I think our difference is that I am talking about educating those interested in science. Trying to educate people who aren’t interested probably has a higher failure rate. But dumbing things down and insulting their intelligence is unlikely to inspire them either.
IST says
AG> umm… despite what the curricula say, they are basically a laundry list of topics to be covered. The actual pacing of a Biology course is tpyically from small concepts to large, ie biochem->cells/DNA->genetics->phylogeny/evo->eco. Students tend to grasp the large concepts better if the smaller are taught first. For the absolute lowest level students (the ones that get a year for Bio instead of a semester), the order is sometimes reversed. We experimented with that last year to disastrous results. Mind you, results in these parts are as measured by standardised test scores…not the best measure of comprehension.
Particle physics, cosmology, and physical anthropology may have been topics at your schools lunch.. I have to monitor ours one a week, and it’s more along the lines of who sells better drugs, who stabbed/shot who and why, etc… Teaching science only to the interested sounds spectacular, but we have an obligation to educate everyone.
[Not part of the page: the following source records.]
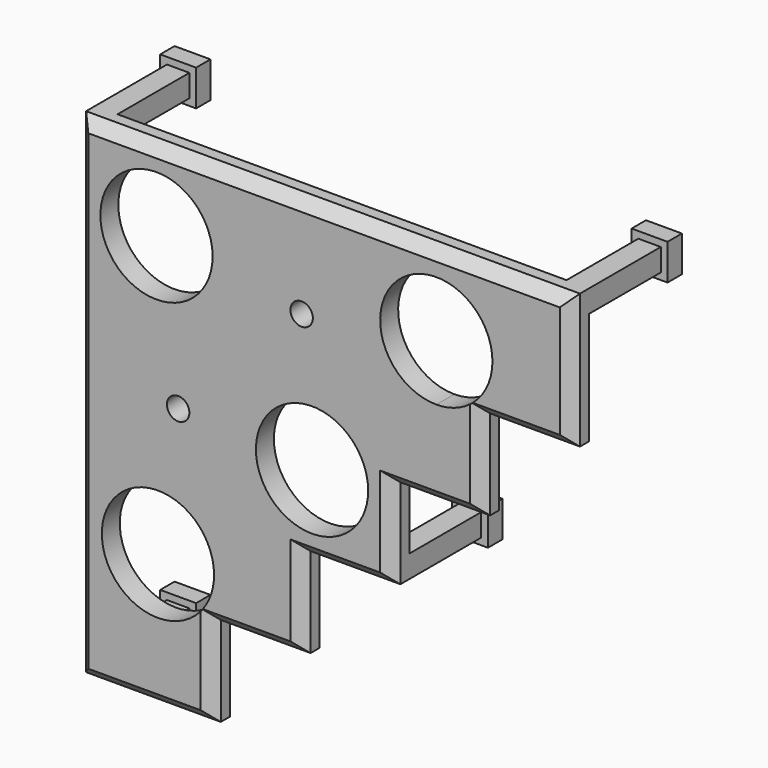
from build123d import *

# Parameters (mm, degrees)
F1_DEPTH  = 6.35
F3_SIZE   = 3.175
F5_W      = 6.35
F5_H      = 6.35
F6_DEPTH  = 25.4
F2_R      = 15.875
F7_DEPTH  = 25.4
F8_W      = 10.16
F8_H      = 10.16
F8_W_2    = 6.35
F8_H_2    = 6.35
F9_DEPTH  = 5.08
F10_W     = 10.16
F10_H     = 10.16
F10_W_2   = 6.35
F10_H_2   = 6.35
F11_DEPTH = 5.08
F12_W     = 10.16
F12_H     = 10.16
F12_W_2   = 6.35
F12_H_2   = 6.35
F13_DEPTH = 5.08
F14_W     = 10.16
F14_H     = 10.16
F14_W_2   = 6.35
F14_H_2   = 6.35
F15_DEPTH = 5.08
F4_R      = 3.175
F16_DEPTH = 25.4


# Not quite as in the source:
# - a feature names something its author has since deleted; it is built from what else it names


with BuildPart() as f1:
    # F0 (on Front) → F1 (new body)
    with BuildSketch(Plane.XZ):
        Polygon((139.7, 0), (0, 0), (0, -139.7), (38.1, -139.7), (38.1, -114.3), (63.5, -114.3), (63.5, -88.9), (88.9, -88.9), (88.9, -63.5), (114.3, -63.5), (114.3, -38.1), (139.7, -38.1), align=None)
    extrude(amount=F1_DEPTH)

    # F3
    f3_edges = [f1.edges().sort_by_distance(p)[0] for p in [
        (69.85, -6.35, 0),
        (0, -6.35, -69.85),
        (19.05, -6.35, -139.7),
        (38.1, -6.35, -127),
        (50.8, -6.35, -114.3),
        (63.5, -6.35, -101.6),
        (76.2, -6.35, -88.9),
        (88.9, -6.35, -76.2),
        (101.6, -6.35, -63.5),
        (114.3, -6.35, -50.8),
        (127, -6.35, -38.1),
        (139.7, -6.35, -19.05),
    ]]
    chamfer(f3_edges, length=F3_SIZE)

    # F5 (on face) → F6 (join)
    with BuildSketch(Plane(origin=(0, 0, 0), x_dir=(-1, 0, 0), z_dir=(0, 1, 0))):
        with Locations((-3.175, -3.175)):
            Rectangle(F5_W, F5_H)
        with Locations((-3.175, -136.525)):
            Rectangle(F5_W, F5_H)
        with Locations((-85.725, -85.725)):
            Rectangle(F5_W, F5_H)
        with Locations((-136.525, -3.175)):
            Rectangle(F5_W, F5_H)
    extrude(amount=F6_DEPTH)

    # F2 (on face) → F7 (cut)
    with BuildSketch(Plane.XZ.offset(6.35)):
        with BuildLine():
            ThreePointArc((117.475, -22.86), (90.3746798487, -11.6346798487), (101.6, -38.735))
            Line((101.6, -38.735), (101.6, -22.86))
            Line((101.6, -22.86), (117.475, -22.86))
        make_face()
        with BuildLine():
            Line((101.6, -22.86), (101.6, -38.735))
            ThreePointArc((101.6, -38.735), (112.8253201513, -34.0853201513), (117.475, -22.86))
            Line((117.475, -22.86), (101.6, -22.86))
        make_face()
        with BuildLine():
            ThreePointArc((82.3243596973, -66.4493596973), (51.7827721187, -60.3742602085), (77.6746798487, -77.6746798487))
            ThreePointArc((77.6746798487, -77.6746798487), (81.1159472759, -72.5244591861), (82.3243596973, -66.4493596973))
        make_face()
        with Locations((22.86, -101.6)):
            Circle(F2_R)
        with BuildLine():
            ThreePointArc((38.3256403027, -22.4506403027), (28.5257397915, -7.7840527241), (11.2253201513, -11.2253201513))
            ThreePointArc((11.2253201513, -11.2253201513), (16.3755408139, -37.1172278813), (38.3256403027, -22.4506403027))
        make_face()
    extrude(amount=-F7_DEPTH, mode=Mode.SUBTRACT)

    # F8 (on face) → F9 (join)
    with BuildSketch(Plane(origin=(0, 25.4, 0), x_dir=(-1, 0, 0), z_dir=(0, 1, 0))):
        with Locations((-3.175, -3.175)):
            Rectangle(F8_W, F8_H)
        with Locations((-3.175, -3.175)):
            Rectangle(F8_W_2, F8_H_2, mode=Mode.SUBTRACT)
        with Locations((-3.175, -3.175)):
            Rectangle(F8_W_2, F8_H_2)
    extrude(amount=F9_DEPTH)

    # F10 (on face) → F11 (join)
    with BuildSketch(Plane(origin=(0, 25.4, 0), x_dir=(-1, 0, 0), z_dir=(0, 1, 0))):
        with Locations((-136.525, -3.175)):
            Rectangle(F10_W, F10_H)
        with Locations((-136.525, -3.175)):
            Rectangle(F10_W_2, F10_H_2, mode=Mode.SUBTRACT)
        with Locations((-136.525, -3.175)):
            Rectangle(F10_W_2, F10_H_2)
    extrude(amount=F11_DEPTH)

    # F12 (on face) → F13 (join)
    with BuildSketch(Plane(origin=(0, 25.4, 0), x_dir=(-1, 0, 0), z_dir=(0, 1, 0))):
        with Locations((-85.725, -85.725)):
            Rectangle(F12_W, F12_H)
        with Locations((-85.725, -85.725)):
            Rectangle(F12_W_2, F12_H_2, mode=Mode.SUBTRACT)
        with Locations((-85.725, -85.725)):
            Rectangle(F12_W_2, F12_H_2)
    extrude(amount=F13_DEPTH)

    # F14 (on face) → F15 (join)
    with BuildSketch(Plane(origin=(0, 25.4, 0), x_dir=(-1, 0, 0), z_dir=(0, 1, 0))):
        with Locations((-3.175, -136.525)):
            Rectangle(F14_W, F14_H)
        with Locations((-3.175, -136.525)):
            Rectangle(F14_W_2, F14_H_2, mode=Mode.SUBTRACT)
        with Locations((-3.175, -136.525)):
            Rectangle(F14_W_2, F14_H_2)
    extrude(amount=F15_DEPTH)

    # F4 (on face) → F16 (cut)
    with BuildSketch(Plane.XZ.offset(6.35)):
        with Locations((63.5, -28.575)):
            Circle(F4_R)
        with Locations((28.575, -63.5)):
            Circle(F4_R)
    extrude(amount=-F16_DEPTH, mode=Mode.SUBTRACT)


solid = f1.part

PS… your doubt is unfounded… look at curricula for grades earlier than 9th, and then consider that science gets half the time it should (or less) in many places because it isn’t a tested subject until high school. Bush really screwed us on that one. Elementarty educators are often afraid of science, and therefore don’t teach it… the problem goes back further yet. You have good intentions, but the issue with your argument is that you’re letting your personal incredulity overtake your reason…
Africangenesis says
IST,
They type of age segregated factory model schools and peer culture you describe is one of the reasons I unschooled my children. I agree that Bush’s getting the federal government involved in education was a bad idea. The traditional conservatives have always favored local control of the schools, but the Democrats won the day on that issue, so Bush ran as “the education president”.
IST says
AG, factory model yes… we’re actually running something called a PLC model (google it, it’s ridiculous), which is a version of a business model for schools. Not only does the research on it not demonstrate any actual effectiveness, but it places the entire burden of the child’s education on the classroom teacher. At the urging of former professors and colleagues, I’m leaving after this year… too much red tape, too much nonsense directed at the teacher and no building of accountability in the students themselves. I don’t blame you for teaching your children at home… mine certainly wouldn’t be in a public school around here if I in fact had any (Montessori or Waldorf, that’s a different story).
Africangenesis says
IST#84,
Yuck! From what little I’ve read, I bet if you could beam your PLC experiences to Scott Adams (the creator of Dilbert), he would have a field day.